(Records drawn from a dataset)

---*---

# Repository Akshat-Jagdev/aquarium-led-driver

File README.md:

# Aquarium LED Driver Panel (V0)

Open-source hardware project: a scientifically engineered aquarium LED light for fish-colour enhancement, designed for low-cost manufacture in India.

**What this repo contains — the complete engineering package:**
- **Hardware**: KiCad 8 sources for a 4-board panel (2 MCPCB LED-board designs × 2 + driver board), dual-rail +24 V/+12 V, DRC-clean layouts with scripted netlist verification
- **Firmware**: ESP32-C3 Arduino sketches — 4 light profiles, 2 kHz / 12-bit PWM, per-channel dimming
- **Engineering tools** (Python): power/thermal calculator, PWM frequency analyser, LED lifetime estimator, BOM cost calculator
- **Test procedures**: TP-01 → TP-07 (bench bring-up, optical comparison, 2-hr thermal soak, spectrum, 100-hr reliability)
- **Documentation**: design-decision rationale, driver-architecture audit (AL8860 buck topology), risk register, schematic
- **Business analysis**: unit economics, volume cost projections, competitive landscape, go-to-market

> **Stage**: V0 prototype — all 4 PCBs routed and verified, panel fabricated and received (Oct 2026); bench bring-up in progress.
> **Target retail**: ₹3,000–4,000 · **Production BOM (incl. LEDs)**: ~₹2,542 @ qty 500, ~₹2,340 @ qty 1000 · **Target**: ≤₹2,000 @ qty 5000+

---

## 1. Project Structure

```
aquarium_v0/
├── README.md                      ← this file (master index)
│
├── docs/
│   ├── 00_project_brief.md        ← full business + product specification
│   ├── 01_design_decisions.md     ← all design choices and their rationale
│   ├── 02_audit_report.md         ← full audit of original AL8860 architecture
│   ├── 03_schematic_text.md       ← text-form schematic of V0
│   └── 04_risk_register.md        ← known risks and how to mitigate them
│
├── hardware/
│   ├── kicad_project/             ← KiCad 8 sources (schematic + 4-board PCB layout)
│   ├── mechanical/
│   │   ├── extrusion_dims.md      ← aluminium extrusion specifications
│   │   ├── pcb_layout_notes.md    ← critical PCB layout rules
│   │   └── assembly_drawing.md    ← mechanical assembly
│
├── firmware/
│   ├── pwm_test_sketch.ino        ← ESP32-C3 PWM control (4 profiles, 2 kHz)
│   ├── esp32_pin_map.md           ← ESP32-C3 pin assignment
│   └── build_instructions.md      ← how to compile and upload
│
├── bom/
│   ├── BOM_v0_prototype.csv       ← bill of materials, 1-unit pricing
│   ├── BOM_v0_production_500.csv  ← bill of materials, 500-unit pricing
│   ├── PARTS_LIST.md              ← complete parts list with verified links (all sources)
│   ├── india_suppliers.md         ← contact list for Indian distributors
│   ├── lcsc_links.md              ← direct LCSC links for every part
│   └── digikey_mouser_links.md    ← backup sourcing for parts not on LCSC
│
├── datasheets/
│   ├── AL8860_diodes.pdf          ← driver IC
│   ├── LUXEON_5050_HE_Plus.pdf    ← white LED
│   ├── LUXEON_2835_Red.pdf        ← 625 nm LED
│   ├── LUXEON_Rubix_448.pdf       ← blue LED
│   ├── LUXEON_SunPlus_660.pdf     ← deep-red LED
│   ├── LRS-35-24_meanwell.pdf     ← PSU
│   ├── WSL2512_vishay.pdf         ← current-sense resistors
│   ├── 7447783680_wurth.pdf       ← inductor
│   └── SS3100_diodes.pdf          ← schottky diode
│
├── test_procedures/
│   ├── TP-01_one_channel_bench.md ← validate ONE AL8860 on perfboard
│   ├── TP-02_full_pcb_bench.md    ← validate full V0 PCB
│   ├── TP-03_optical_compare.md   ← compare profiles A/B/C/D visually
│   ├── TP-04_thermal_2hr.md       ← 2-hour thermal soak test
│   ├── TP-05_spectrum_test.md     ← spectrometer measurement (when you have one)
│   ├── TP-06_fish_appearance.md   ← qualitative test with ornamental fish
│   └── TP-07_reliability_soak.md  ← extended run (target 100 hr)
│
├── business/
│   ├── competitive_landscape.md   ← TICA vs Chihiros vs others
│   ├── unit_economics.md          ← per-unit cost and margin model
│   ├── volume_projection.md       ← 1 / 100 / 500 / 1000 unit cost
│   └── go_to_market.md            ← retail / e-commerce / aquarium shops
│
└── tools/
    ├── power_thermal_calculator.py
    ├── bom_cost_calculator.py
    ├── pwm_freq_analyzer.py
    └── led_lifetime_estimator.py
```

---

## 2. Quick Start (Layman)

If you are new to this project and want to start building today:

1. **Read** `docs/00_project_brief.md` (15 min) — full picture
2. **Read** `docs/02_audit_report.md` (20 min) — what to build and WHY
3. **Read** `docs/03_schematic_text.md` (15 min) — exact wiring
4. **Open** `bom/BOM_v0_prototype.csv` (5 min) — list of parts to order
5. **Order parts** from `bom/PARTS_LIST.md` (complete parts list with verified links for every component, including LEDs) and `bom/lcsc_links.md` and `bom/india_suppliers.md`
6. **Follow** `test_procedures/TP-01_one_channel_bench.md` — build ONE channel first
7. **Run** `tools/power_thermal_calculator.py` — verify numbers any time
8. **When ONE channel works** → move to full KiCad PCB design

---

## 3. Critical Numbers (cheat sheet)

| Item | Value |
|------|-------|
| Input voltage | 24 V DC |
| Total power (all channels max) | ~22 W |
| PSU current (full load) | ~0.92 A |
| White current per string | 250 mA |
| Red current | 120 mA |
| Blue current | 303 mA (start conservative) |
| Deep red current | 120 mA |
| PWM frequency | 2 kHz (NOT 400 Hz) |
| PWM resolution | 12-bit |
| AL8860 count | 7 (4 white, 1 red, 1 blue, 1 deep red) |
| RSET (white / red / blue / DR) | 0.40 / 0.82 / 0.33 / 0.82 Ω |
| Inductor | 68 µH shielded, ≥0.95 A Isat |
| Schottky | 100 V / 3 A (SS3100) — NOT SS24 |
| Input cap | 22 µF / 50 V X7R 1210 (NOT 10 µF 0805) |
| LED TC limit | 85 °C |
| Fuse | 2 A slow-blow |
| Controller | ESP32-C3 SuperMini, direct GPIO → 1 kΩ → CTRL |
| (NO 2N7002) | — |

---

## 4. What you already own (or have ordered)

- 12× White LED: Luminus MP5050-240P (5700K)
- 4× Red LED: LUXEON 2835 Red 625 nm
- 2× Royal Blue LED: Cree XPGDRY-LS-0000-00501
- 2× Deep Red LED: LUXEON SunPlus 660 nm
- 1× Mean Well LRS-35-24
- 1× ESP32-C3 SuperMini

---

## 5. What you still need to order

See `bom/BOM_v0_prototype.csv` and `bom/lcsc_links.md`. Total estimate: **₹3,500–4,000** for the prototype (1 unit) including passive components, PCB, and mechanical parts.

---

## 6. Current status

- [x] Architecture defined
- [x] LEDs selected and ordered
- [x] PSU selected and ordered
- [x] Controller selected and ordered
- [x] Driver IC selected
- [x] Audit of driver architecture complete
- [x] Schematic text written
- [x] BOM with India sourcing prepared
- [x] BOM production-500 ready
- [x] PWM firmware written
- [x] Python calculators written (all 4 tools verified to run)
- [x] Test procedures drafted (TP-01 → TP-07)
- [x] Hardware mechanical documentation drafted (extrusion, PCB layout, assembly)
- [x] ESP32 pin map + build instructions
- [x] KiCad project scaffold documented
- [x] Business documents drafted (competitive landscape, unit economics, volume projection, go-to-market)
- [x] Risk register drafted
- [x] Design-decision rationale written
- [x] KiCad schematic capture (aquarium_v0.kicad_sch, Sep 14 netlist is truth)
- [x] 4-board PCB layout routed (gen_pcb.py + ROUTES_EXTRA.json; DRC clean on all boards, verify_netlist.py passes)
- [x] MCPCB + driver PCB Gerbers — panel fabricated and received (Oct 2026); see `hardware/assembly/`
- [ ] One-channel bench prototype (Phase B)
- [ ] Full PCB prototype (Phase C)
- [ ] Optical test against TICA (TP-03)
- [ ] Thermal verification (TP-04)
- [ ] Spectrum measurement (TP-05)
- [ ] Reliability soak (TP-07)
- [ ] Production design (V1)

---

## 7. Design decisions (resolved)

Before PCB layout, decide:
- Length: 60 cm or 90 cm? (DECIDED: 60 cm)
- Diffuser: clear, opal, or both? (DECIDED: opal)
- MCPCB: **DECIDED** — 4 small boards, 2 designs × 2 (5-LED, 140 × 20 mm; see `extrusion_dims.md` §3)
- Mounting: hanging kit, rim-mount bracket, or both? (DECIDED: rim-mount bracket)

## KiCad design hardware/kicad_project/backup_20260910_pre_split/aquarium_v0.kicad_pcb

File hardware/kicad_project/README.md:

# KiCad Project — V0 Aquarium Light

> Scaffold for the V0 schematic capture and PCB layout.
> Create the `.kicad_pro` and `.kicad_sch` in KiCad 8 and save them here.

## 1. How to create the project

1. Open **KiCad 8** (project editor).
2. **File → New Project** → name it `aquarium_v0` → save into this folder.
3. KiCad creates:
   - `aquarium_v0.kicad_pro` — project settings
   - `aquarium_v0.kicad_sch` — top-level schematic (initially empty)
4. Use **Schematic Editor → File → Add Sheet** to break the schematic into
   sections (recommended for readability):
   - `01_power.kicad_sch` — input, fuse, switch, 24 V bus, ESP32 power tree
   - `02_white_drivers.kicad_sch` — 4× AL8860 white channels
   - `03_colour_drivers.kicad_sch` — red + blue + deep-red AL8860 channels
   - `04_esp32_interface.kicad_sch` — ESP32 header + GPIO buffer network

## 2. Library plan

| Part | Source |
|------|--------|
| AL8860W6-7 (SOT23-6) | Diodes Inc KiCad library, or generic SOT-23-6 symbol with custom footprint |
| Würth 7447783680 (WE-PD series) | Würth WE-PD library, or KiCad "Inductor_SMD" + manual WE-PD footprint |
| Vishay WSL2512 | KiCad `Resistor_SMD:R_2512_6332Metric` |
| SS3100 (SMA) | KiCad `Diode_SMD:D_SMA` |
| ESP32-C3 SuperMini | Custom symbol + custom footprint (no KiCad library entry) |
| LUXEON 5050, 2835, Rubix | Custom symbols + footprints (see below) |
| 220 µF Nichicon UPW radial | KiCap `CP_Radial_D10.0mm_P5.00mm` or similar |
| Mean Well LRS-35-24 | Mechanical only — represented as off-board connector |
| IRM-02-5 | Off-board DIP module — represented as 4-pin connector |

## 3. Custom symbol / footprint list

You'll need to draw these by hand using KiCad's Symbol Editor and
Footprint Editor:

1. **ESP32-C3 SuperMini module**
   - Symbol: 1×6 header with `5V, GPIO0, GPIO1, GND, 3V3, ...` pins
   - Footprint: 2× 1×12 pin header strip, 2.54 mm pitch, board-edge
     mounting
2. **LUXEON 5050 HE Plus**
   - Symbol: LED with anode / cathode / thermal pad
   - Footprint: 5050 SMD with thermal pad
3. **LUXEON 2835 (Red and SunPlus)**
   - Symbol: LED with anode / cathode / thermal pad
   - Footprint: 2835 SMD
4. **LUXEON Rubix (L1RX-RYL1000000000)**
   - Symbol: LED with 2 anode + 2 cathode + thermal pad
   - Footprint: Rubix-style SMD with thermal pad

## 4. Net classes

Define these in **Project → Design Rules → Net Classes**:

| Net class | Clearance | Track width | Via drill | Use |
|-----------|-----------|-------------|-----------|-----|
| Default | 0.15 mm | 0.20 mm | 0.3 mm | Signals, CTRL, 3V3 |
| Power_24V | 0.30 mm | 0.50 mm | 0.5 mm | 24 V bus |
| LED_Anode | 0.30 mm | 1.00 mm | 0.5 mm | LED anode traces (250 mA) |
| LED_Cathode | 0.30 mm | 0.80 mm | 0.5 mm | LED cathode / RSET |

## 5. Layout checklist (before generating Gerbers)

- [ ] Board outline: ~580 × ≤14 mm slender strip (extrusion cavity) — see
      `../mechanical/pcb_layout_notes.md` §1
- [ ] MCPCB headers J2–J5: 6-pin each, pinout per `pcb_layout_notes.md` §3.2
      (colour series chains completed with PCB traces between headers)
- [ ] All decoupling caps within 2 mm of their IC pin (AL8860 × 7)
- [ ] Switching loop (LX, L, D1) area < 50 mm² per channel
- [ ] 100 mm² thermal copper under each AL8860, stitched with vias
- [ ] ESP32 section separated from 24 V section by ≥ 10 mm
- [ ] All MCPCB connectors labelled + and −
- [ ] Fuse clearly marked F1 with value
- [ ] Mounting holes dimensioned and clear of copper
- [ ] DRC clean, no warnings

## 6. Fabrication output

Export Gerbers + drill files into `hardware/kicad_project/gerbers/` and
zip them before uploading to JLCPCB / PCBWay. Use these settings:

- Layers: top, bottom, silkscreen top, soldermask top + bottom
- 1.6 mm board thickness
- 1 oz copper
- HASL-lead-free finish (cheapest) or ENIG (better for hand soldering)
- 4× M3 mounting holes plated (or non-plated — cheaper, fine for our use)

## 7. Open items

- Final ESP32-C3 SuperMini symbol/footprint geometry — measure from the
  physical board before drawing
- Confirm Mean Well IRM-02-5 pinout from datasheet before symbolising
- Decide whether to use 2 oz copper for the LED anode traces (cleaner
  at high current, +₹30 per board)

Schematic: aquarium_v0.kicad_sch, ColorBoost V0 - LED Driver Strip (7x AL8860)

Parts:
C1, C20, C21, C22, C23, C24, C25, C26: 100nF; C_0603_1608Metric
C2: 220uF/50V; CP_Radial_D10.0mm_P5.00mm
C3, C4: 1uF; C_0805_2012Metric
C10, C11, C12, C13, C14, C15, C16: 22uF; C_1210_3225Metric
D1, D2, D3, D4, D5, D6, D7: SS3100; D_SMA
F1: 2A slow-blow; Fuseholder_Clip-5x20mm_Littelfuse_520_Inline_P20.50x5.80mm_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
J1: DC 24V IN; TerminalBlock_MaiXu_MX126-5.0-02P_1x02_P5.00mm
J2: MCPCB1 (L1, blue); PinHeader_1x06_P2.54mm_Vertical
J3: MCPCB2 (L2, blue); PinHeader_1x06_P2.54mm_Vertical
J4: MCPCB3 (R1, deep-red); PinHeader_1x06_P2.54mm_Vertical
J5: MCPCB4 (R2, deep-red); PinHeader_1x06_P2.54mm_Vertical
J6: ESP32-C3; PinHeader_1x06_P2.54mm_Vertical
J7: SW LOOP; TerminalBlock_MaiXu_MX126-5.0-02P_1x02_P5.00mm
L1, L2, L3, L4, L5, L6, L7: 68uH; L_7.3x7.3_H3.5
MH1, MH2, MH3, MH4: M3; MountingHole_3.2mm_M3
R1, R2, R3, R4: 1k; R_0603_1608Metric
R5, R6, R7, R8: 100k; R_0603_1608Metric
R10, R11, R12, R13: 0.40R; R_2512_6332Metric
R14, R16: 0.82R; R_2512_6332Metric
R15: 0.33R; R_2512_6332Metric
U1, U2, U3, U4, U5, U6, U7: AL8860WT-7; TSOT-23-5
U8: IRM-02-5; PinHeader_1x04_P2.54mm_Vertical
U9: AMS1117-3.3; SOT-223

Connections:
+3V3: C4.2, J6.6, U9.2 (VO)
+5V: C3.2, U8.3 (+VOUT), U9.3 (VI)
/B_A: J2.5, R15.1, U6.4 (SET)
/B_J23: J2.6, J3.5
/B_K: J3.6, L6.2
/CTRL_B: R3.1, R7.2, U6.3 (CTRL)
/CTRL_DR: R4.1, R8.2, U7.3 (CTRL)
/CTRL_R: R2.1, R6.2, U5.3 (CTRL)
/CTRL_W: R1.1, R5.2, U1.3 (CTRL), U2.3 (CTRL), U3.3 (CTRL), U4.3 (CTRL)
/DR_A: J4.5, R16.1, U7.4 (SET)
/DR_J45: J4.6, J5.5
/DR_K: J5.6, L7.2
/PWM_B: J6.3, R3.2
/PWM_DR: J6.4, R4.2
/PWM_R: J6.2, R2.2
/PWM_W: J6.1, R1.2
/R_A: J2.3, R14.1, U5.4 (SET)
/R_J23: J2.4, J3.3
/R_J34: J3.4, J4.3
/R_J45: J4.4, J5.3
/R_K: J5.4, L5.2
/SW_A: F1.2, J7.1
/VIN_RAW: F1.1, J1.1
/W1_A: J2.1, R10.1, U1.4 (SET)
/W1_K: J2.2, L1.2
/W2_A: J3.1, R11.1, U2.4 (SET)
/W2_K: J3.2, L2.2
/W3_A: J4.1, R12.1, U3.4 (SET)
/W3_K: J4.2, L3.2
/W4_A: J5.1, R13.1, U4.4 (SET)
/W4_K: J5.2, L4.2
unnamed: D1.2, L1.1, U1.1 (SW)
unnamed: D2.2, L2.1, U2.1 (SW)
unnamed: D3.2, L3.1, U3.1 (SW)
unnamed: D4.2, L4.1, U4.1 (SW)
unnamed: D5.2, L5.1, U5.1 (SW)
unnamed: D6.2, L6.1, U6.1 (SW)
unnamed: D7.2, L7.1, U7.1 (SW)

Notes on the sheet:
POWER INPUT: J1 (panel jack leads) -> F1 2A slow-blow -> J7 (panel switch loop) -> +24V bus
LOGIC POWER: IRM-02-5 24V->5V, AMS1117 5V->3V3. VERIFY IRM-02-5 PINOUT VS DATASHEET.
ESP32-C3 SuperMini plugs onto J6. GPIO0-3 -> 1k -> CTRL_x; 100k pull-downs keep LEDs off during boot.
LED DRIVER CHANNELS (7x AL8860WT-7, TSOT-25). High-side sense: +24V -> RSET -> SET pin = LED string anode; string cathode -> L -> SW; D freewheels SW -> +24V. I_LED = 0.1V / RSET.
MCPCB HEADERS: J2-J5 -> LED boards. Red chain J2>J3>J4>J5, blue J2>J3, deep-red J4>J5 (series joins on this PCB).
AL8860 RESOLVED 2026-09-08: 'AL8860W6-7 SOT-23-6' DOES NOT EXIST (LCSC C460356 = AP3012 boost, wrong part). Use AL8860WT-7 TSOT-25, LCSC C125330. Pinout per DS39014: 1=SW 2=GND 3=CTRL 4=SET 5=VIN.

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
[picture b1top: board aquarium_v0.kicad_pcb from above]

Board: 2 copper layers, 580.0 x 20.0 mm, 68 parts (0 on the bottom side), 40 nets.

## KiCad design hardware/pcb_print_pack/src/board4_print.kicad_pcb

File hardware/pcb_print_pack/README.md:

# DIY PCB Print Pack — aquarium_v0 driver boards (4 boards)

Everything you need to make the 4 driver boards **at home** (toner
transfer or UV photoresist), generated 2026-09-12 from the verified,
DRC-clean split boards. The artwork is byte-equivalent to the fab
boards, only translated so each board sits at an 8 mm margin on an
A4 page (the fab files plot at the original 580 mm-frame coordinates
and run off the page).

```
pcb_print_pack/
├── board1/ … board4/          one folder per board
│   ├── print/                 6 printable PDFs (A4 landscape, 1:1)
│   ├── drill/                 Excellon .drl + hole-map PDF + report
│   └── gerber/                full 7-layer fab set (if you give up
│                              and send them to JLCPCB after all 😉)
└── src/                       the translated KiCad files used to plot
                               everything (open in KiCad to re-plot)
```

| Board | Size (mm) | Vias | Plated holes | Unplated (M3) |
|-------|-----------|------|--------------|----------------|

---*---

_TASK TO CARRY OUT_. Look through the entries above. Extract each line with the word "materials".

_OUTPUT FOR THIS TASK_.
│   ├── BOM_v0_prototype.csv       ← bill of materials, 1-unit pricing
│   ├── BOM_v0_production_500.csv  ← bill of materials, 500-unit pricing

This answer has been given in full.